Children and Adolescents

PNES may present differently in younger patients and often relate to school stress, bullying, family dysfunction, or trauma. In the ED, evaluation should include careful psychosocial assessment and parental guidance (15).

Older Adults

PNES is less common but may be misinterpreted as late-onset epilepsy or syncope. Comorbid cognitive decline can complicate diagnosis.

Coexisting Epilepsy

Up to 10–20% of patients with PNES also have epileptic seizures. Lack of clear differentiation in the ED necessitates caution; follow-up EEG monitoring is essential.

Implications for emergency medicine practice

Enhancing recognition of PNES in the emergency department can reduce unnecessary use of antiepileptic medications and decrease iatrogenic complications, including respiratory depression and ICU admission. Improved recognition may also shorten ED length of stay, optimize resource utilization, and enhance patient trust while facilitating appropriate referral pathways. Educational initiatives, such as simulation training, standardized care pathways, and recognition checklists, and adherence to diagnostic algorithms (fig 1), have been shown to improve clinician comfort and diagnostic accuracy (12).

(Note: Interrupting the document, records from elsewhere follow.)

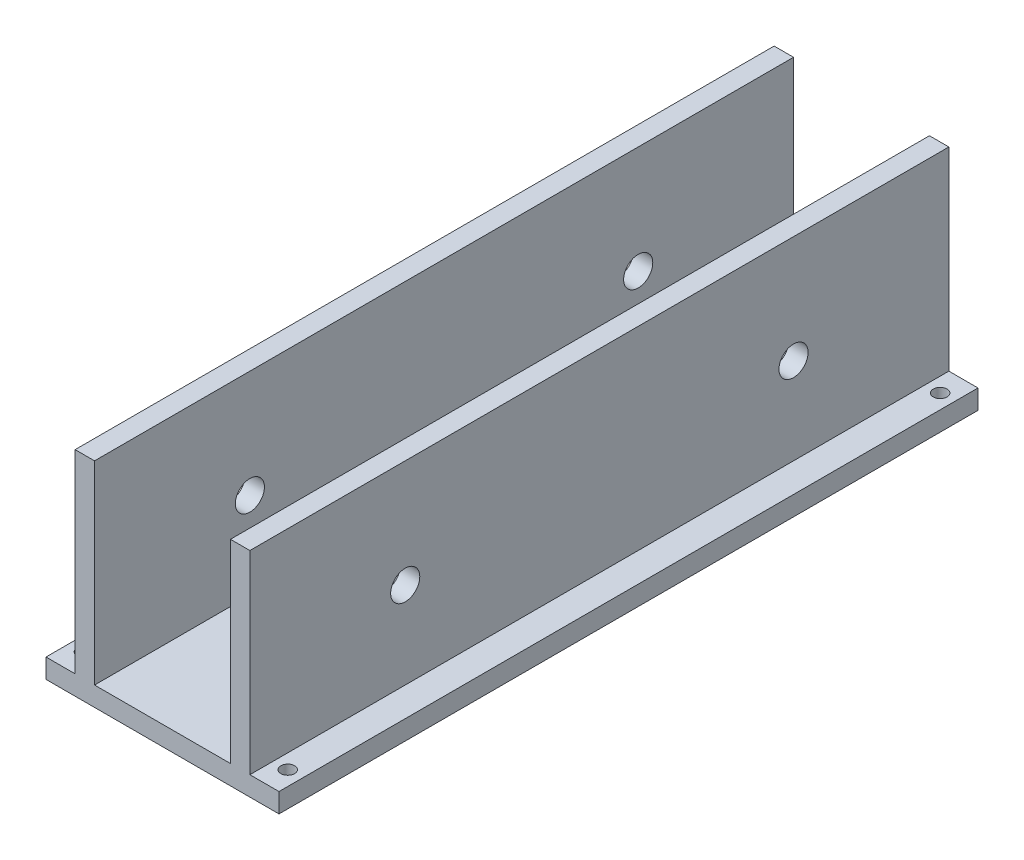
ISO-10303-21;
HEADER;
FILE_DESCRIPTION(('STEP AP214'),'2;1');
FILE_NAME('part.step','',(''),(''),'','','');
FILE_SCHEMA(('AUTOMOTIVE_DESIGN { 1 0 10303 214 1 1 1 1 }'));
ENDSEC;
DATA;
#1=APPLICATION_CONTEXT('core data for automotive mechanical design processes');
#2=APPLICATION_PROTOCOL_DEFINITION('international standard','automotive_design',2000,#1);
#3=PRODUCT_CONTEXT('',#1,'mechanical');
#4=PRODUCT('Part','Part','',(#3));
#5=PRODUCT_RELATED_PRODUCT_CATEGORY('part','',(#4));
#6=PRODUCT_DEFINITION_FORMATION('','',#4);
#7=PRODUCT_DEFINITION_CONTEXT('part definition',#1,'design');
#8=PRODUCT_DEFINITION('design','',#6,#7);
#9=PRODUCT_DEFINITION_SHAPE('','',#8);
#10=(LENGTH_UNIT() NAMED_UNIT(*) SI_UNIT(.MILLI.,.METRE.));
#11=(NAMED_UNIT(*) PLANE_ANGLE_UNIT() SI_UNIT($,.RADIAN.));
#12=(NAMED_UNIT(*) SI_UNIT($,.STERADIAN.) SOLID_ANGLE_UNIT());
#13=UNCERTAINTY_MEASURE_WITH_UNIT(LENGTH_MEASURE(1.E-05),#10,'distance_accuracy_value','');
#14=(GEOMETRIC_REPRESENTATION_CONTEXT(3) GLOBAL_UNCERTAINTY_ASSIGNED_CONTEXT((#13)) GLOBAL_UNIT_ASSIGNED_CONTEXT((#10,
#11,#12)) REPRESENTATION_CONTEXT('',''));
#15=CARTESIAN_POINT('',(0.,0.,0.));
#16=DIRECTION('',(0.,0.,1.));
#17=DIRECTION('',(1.,0.,0.));
#18=AXIS2_PLACEMENT_3D('',#15,#16,#17);
#19=CARTESIAN_POINT('',(0.,6.35,228.6));
#20=DIRECTION('',(1.,0.,0.));
#21=DIRECTION('',(0.,0.,-1.));
#22=AXIS2_PLACEMENT_3D('',#19,#20,#21);
#23=PLANE('',#22);
#24=DIRECTION('',(0.,-1.,0.));
#25=VECTOR('',#24,1.);
#26=CARTESIAN_POINT('',(0.,6.35,0.));
#27=LINE('',#26,#25);
#28=CARTESIAN_POINT('',(0.,6.35,0.));
#29=VERTEX_POINT('',#28);
#30=CARTESIAN_POINT('',(0.,0.,0.));
#31=VERTEX_POINT('',#30);
#32=EDGE_CURVE('E171',#29,#31,#27,.T.);
#33=ORIENTED_EDGE('',*,*,#32,.T.);
#34=DIRECTION('',(0.,0.,-1.));
#35=VECTOR('',#34,1.);
#36=CARTESIAN_POINT('',(0.,0.,228.6));
#37=LINE('',#36,#35);
#38=CARTESIAN_POINT('',(0.,0.,228.6));
#39=VERTEX_POINT('',#38);
#40=EDGE_CURVE('E11',#39,#31,#37,.T.);
#41=ORIENTED_EDGE('',*,*,#40,.F.);
#42=DIRECTION('',(0.,-1.,0.));
#43=VECTOR('',#42,1.);
#44=CARTESIAN_POINT('',(0.,6.35,228.6));
#45=LINE('',#44,#43);
#46=CARTESIAN_POINT('',(0.,6.35,228.6));
#47=VERTEX_POINT('',#46);
#48=EDGE_CURVE('E210',#47,#39,#45,.T.);
#49=ORIENTED_EDGE('',*,*,#48,.F.);
#50=DIRECTION('',(0.,0.,-1.));
#51=VECTOR('',#50,1.);
#52=CARTESIAN_POINT('',(0.,6.35,228.6));
#53=LINE('',#52,#51);
#54=EDGE_CURVE('E169',#47,#29,#53,.T.);
#55=ORIENTED_EDGE('',*,*,#54,.T.);
#56=EDGE_LOOP('',(#33,#41,#49,#55));
#57=FACE_BOUND('',#56,.T.);
#58=ADVANCED_FACE('F44',(#57),#23,.F.);
#59=CARTESIAN_POINT('',(0.,0.,228.6));
#60=DIRECTION('',(0.,1.,0.));
#61=DIRECTION('',(0.,0.,1.));
#62=AXIS2_PLACEMENT_3D('',#59,#60,#61);
#63=PLANE('',#62);
#64=CARTESIAN_POINT('',(71.4375,0.,7.62));
#65=DIRECTION('',(0.,1.,0.));
#66=DIRECTION('',(1.,0.,0.));
#67=AXIS2_PLACEMENT_3D('',#64,#65,#66);
#68=CIRCLE('',#67,2.24789999999999);
#69=CARTESIAN_POINT('',(73.6854,0.,7.62));
#70=VERTEX_POINT('',#69);
#71=EDGE_CURVE('E275',#70,#70,#68,.T.);
#72=ORIENTED_EDGE('',*,*,#71,.T.);
#73=EDGE_LOOP('',(#72));
#74=FACE_BOUND('',#73,.T.);
#75=CARTESIAN_POINT('',(71.4375,0.,220.98));
#76=DIRECTION('',(0.,1.,0.));
#77=DIRECTION('',(1.,0.,0.));
#78=AXIS2_PLACEMENT_3D('',#75,#76,#77);
#79=CIRCLE('',#78,2.24789999999999);
#80=CARTESIAN_POINT('',(73.6854,0.,220.98));
#81=VERTEX_POINT('',#80);
#82=EDGE_CURVE('E286',#81,#81,#79,.T.);
#83=ORIENTED_EDGE('',*,*,#82,.T.);
#84=EDGE_LOOP('',(#83));
#85=FACE_BOUND('',#84,.T.);
#86=CARTESIAN_POINT('',(4.76250000000004,0.,220.98));
#87=DIRECTION('',(0.,1.,0.));
#88=DIRECTION('',(-1.,0.,0.));
#89=AXIS2_PLACEMENT_3D('',#86,#87,#88);
#90=CIRCLE('',#89,2.24789999999999);
#91=CARTESIAN_POINT('',(2.51460000000004,0.,220.98));
#92=VERTEX_POINT('',#91);
#93=EDGE_CURVE('E279',#92,#92,#90,.T.);
#94=ORIENTED_EDGE('',*,*,#93,.T.);
#95=EDGE_LOOP('',(#94));
#96=FACE_BOUND('',#95,.T.);
#97=CARTESIAN_POINT('',(4.7625,0.,7.62));
#98=DIRECTION('',(0.,1.,0.));
#99=DIRECTION('',(-1.,0.,0.));
#100=AXIS2_PLACEMENT_3D('',#97,#98,#99);
#101=CIRCLE('',#100,2.2479);
#102=CARTESIAN_POINT('',(2.5146,0.,7.62));
#103=VERTEX_POINT('',#102);
#104=EDGE_CURVE('E180',#103,#103,#101,.T.);
#105=ORIENTED_EDGE('',*,*,#104,.T.);
#106=EDGE_LOOP('',(#105));
#107=FACE_BOUND('',#106,.T.);
#108=DIRECTION('',(1.,0.,0.));
#109=VECTOR('',#108,1.);
#110=CARTESIAN_POINT('',(0.,0.,0.));
#111=LINE('',#110,#109);
#112=CARTESIAN_POINT('',(76.2,0.,0.));
#113=VERTEX_POINT('',#112);
#114=EDGE_CURVE('E176',#31,#113,#111,.T.);
#115=ORIENTED_EDGE('',*,*,#114,.T.);
#116=DIRECTION('',(0.,0.,-1.));
#117=VECTOR('',#116,1.);
#118=CARTESIAN_POINT('',(76.2,0.,228.6));
#119=LINE('',#118,#117);
#120=CARTESIAN_POINT('',(76.2,0.,228.6));
#121=VERTEX_POINT('',#120);
#122=EDGE_CURVE('E54',#121,#113,#119,.T.);
#123=ORIENTED_EDGE('',*,*,#122,.F.);
#124=DIRECTION('',(1.,0.,0.));
#125=VECTOR('',#124,1.);
#126=CARTESIAN_POINT('',(0.,0.,228.6));
#127=LINE('',#126,#125);
#128=EDGE_CURVE('E118',#39,#121,#127,.T.);
#129=ORIENTED_EDGE('',*,*,#128,.F.);
#130=ORIENTED_EDGE('',*,*,#40,.T.);
#131=EDGE_LOOP('',(#115,#123,#129,#130));
#132=FACE_BOUND('',#131,.T.);
#133=ADVANCED_FACE('F375',(#74,#85,#96,#107,#132),#63,.F.);
#134=CARTESIAN_POINT('',(76.2,0.,228.6));
#135=DIRECTION('',(-1.,0.,0.));
#136=DIRECTION('',(0.,0.,1.));
#137=AXIS2_PLACEMENT_3D('',#134,#135,#136);
#138=PLANE('',#137);
#139=DIRECTION('',(0.,1.,0.));
#140=VECTOR('',#139,1.);
#141=CARTESIAN_POINT('',(76.2,0.,0.));
#142=LINE('',#141,#140);
#143=CARTESIAN_POINT('',(76.2,6.35000000000001,0.));
#144=VERTEX_POINT('',#143);
#145=EDGE_CURVE('E179',#113,#144,#142,.T.);
#146=ORIENTED_EDGE('',*,*,#145,.T.);
#147=DIRECTION('',(0.,0.,-1.));
#148=VECTOR('',#147,1.);
#149=CARTESIAN_POINT('',(76.2,6.35000000000001,228.6));
#150=LINE('',#149,#148);
#151=CARTESIAN_POINT('',(76.2,6.35000000000001,228.6));
#152=VERTEX_POINT('',#151);
#153=EDGE_CURVE('E233',#152,#144,#150,.T.);
#154=ORIENTED_EDGE('',*,*,#153,.F.);
#155=DIRECTION('',(0.,1.,0.));
#156=VECTOR('',#155,1.);
#157=CARTESIAN_POINT('',(76.2,0.,228.6));
#158=LINE('',#157,#156);
#159=EDGE_CURVE('E307',#121,#152,#158,.T.);
#160=ORIENTED_EDGE('',*,*,#159,.F.);
#161=ORIENTED_EDGE('',*,*,#122,.T.);
#162=EDGE_LOOP('',(#146,#154,#160,#161));
#163=FACE_BOUND('',#162,.T.);
#164=ADVANCED_FACE('F380',(#163),#138,.F.);
#165=CARTESIAN_POINT('',(76.2,6.35000000000001,228.6));
#166=DIRECTION('',(0.,-1.,0.));
#167=DIRECTION('',(1.,0.,0.));
#168=AXIS2_PLACEMENT_3D('',#165,#166,#167);
#169=PLANE('',#168);
#170=CARTESIAN_POINT('',(71.4375,6.35000000000003,7.62));
#171=DIRECTION('',(0.,1.,0.));
#172=DIRECTION('',(1.,0.,0.));
#173=AXIS2_PLACEMENT_3D('',#170,#171,#172);
#174=CIRCLE('',#173,2.24789999999999);
#175=CARTESIAN_POINT('',(73.6854,6.35000000000003,7.62));
#176=VERTEX_POINT('',#175);
#177=EDGE_CURVE('E289',#176,#176,#174,.T.);
#178=ORIENTED_EDGE('',*,*,#177,.F.);
#179=EDGE_LOOP('',(#178));
#180=FACE_BOUND('',#179,.T.);
#181=CARTESIAN_POINT('',(71.4375,6.35000000000003,220.98));
#182=DIRECTION('',(0.,1.,0.));
#183=DIRECTION('',(1.,0.,0.));
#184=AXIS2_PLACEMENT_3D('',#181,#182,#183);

Rapid recognition of PNES in the ED, coupled with avoidance of unnecessary interventions, empathetic communication, and structured referral pathways, reduces harm and improves patient outcomes.

Figure 2. Clinical Signs Supporting PNES Diagnosis

Figure 1. Practical emergency department algorithm for suspected psychogenic nonepileptic seizures

Conclusion

Psychogenic non-epileptic seizures are a frequent and challenging presentation in the emergency department. Effective ED management hinges on rapid identification of features suggestive of PNES, avoidance of unnecessary interventions, empathetic communication, and appropriate referral for definitive diagnosis and long-term care. Greater clinician awareness and structured management approaches can significantly reduce harm and improve outcomes for this vulnerable population.